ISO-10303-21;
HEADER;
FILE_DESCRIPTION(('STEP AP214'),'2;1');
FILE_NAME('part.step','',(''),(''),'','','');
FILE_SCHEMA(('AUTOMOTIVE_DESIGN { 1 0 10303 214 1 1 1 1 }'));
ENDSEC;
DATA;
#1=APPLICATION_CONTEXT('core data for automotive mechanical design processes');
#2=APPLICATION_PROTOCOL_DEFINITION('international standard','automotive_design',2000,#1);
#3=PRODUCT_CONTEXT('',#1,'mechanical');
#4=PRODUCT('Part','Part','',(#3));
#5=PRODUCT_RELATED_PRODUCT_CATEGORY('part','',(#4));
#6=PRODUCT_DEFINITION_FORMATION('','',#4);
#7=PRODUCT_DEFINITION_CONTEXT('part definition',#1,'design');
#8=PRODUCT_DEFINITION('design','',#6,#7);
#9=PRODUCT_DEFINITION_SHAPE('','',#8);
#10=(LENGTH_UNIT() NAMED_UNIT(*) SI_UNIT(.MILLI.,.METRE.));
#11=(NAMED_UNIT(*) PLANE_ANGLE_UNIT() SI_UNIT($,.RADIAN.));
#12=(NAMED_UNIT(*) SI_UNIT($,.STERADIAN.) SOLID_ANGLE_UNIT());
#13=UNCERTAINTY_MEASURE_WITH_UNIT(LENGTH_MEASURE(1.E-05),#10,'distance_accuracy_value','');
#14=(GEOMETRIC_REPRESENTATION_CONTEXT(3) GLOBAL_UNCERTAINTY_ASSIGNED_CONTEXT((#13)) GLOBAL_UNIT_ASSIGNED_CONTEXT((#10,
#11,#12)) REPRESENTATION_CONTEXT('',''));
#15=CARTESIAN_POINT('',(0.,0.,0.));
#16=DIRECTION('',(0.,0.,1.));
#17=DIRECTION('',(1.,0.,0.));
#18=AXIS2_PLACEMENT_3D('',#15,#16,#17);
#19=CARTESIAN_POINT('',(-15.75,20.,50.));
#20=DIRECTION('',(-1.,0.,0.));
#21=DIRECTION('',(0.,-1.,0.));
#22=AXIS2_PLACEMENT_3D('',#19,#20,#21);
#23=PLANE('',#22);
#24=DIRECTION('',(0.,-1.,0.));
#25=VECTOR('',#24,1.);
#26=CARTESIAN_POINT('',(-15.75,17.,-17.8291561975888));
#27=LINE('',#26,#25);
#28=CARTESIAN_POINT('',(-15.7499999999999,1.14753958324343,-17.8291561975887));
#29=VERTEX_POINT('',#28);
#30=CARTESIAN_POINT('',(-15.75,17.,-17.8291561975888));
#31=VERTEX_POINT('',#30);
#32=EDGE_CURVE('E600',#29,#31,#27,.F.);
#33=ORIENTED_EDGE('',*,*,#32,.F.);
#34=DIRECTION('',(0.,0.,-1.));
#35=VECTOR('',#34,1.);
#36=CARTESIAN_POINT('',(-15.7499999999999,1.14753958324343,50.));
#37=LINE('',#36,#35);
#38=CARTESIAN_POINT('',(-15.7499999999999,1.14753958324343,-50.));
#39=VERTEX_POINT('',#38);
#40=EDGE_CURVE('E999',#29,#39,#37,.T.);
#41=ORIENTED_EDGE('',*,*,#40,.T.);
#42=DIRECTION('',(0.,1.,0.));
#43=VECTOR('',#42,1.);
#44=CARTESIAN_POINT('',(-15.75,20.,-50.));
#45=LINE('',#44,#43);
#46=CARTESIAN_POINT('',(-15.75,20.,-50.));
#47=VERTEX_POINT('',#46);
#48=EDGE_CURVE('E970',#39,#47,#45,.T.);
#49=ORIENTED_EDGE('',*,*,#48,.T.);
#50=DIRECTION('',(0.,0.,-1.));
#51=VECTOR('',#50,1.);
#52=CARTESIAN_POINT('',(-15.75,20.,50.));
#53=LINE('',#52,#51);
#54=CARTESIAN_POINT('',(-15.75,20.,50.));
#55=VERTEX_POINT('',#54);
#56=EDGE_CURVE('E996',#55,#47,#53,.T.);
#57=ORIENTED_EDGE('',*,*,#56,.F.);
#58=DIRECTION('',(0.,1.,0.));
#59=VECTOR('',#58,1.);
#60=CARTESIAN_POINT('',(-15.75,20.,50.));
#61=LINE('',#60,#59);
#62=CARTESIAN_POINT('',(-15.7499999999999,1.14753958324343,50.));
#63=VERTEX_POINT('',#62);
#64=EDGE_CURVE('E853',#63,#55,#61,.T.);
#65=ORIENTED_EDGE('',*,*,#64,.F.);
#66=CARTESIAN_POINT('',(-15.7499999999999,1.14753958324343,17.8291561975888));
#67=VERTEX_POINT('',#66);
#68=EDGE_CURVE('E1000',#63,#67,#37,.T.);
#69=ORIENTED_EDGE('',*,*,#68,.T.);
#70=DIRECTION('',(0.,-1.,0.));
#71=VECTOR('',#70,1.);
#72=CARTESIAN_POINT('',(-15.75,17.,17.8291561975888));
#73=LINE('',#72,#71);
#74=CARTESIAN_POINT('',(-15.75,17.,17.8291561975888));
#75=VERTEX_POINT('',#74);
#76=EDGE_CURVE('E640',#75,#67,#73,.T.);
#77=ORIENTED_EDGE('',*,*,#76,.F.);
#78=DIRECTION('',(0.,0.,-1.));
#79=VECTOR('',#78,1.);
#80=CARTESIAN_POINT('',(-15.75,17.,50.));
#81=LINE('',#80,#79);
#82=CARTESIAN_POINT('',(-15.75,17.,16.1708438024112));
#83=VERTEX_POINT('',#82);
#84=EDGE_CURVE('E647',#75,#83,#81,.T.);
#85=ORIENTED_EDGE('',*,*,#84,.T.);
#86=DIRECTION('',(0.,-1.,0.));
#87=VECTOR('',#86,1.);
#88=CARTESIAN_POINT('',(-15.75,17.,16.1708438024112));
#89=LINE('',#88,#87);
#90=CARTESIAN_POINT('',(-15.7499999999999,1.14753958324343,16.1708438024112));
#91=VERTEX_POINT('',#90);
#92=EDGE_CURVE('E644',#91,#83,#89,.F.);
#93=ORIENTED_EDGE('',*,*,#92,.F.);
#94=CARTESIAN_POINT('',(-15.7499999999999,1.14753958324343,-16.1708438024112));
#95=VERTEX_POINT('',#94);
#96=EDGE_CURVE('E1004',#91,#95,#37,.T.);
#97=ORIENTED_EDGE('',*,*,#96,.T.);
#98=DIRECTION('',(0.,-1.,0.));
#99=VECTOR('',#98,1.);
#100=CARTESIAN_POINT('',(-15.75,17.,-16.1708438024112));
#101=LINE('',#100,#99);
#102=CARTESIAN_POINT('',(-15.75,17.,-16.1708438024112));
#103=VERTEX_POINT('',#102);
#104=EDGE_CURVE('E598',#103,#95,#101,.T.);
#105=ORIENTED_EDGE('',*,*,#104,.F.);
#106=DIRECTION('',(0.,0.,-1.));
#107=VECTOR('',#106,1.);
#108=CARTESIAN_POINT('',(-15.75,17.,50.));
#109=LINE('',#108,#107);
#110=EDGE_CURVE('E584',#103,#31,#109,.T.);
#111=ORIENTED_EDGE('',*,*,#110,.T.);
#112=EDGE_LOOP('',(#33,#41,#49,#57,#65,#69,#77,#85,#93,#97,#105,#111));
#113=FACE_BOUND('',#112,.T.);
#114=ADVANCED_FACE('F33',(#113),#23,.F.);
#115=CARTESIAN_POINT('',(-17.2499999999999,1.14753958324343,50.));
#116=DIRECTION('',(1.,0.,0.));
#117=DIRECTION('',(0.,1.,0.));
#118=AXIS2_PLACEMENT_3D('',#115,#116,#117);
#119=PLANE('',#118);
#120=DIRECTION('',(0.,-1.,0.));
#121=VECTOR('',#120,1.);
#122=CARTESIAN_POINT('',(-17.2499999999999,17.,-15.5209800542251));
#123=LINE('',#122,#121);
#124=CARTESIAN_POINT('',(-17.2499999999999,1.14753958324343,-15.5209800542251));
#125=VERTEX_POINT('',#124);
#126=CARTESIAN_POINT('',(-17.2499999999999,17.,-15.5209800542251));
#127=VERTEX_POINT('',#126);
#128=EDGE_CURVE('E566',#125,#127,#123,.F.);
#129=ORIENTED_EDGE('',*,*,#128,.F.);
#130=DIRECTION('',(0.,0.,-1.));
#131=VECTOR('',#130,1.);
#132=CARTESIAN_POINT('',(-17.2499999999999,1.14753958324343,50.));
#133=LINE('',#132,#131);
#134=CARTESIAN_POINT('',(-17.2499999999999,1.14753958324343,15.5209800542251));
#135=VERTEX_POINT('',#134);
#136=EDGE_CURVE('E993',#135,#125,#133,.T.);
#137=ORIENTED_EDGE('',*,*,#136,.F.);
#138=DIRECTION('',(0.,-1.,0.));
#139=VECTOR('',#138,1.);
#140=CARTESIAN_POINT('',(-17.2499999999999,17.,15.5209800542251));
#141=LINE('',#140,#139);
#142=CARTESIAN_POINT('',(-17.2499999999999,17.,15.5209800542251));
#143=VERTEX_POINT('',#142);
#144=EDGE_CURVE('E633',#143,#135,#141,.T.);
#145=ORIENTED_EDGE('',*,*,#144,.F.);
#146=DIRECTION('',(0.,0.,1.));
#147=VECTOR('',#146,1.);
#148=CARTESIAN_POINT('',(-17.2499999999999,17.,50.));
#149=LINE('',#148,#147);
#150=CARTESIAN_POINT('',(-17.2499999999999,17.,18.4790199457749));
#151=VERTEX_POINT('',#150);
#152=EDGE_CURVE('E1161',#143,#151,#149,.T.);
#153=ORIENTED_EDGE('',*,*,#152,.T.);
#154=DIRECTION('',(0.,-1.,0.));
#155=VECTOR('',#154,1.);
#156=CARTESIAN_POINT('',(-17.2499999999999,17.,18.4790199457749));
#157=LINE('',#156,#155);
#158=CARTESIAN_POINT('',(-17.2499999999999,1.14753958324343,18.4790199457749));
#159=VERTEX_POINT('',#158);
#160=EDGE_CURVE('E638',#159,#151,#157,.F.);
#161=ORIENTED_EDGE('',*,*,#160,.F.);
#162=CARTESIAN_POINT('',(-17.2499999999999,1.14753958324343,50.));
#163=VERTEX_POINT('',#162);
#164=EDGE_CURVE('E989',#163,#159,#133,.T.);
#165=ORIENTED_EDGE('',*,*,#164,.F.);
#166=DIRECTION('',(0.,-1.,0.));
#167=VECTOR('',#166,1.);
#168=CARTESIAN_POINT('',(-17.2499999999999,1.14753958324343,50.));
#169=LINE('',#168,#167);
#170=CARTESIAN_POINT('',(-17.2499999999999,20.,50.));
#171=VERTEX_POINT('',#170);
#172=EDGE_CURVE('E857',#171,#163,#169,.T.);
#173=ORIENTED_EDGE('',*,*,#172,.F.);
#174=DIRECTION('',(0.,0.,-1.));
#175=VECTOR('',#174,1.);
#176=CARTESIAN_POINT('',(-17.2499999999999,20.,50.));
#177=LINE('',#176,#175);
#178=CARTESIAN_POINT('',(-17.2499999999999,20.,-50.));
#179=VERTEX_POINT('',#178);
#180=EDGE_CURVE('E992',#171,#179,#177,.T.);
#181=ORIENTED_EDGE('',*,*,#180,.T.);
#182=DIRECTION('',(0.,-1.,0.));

- - - -

Task objective: Reproducing the whole listing above is not the task. Copy exactly only the lines from the one with "#69=ORIENTED_EDGE('',*,*,#68,.T.);" to the one with "#78=DIRECTION('',(0.,0.,-1.));", both kept.

Result of the exercise:
#69=ORIENTED_EDGE('',*,*,#68,.T.);
#70=DIRECTION('',(0.,-1.,0.));
#71=VECTOR('',#70,1.);
#72=CARTESIAN_POINT('',(-15.75,17.,17.8291561975888));
#73=LINE('',#72,#71);
#74=CARTESIAN_POINT('',(-15.75,17.,17.8291561975888));
#75=VERTEX_POINT('',#74);
#76=EDGE_CURVE('E640',#75,#67,#73,.T.);
#77=ORIENTED_EDGE('',*,*,#76,.F.);
#78=DIRECTION('',(0.,0.,-1.));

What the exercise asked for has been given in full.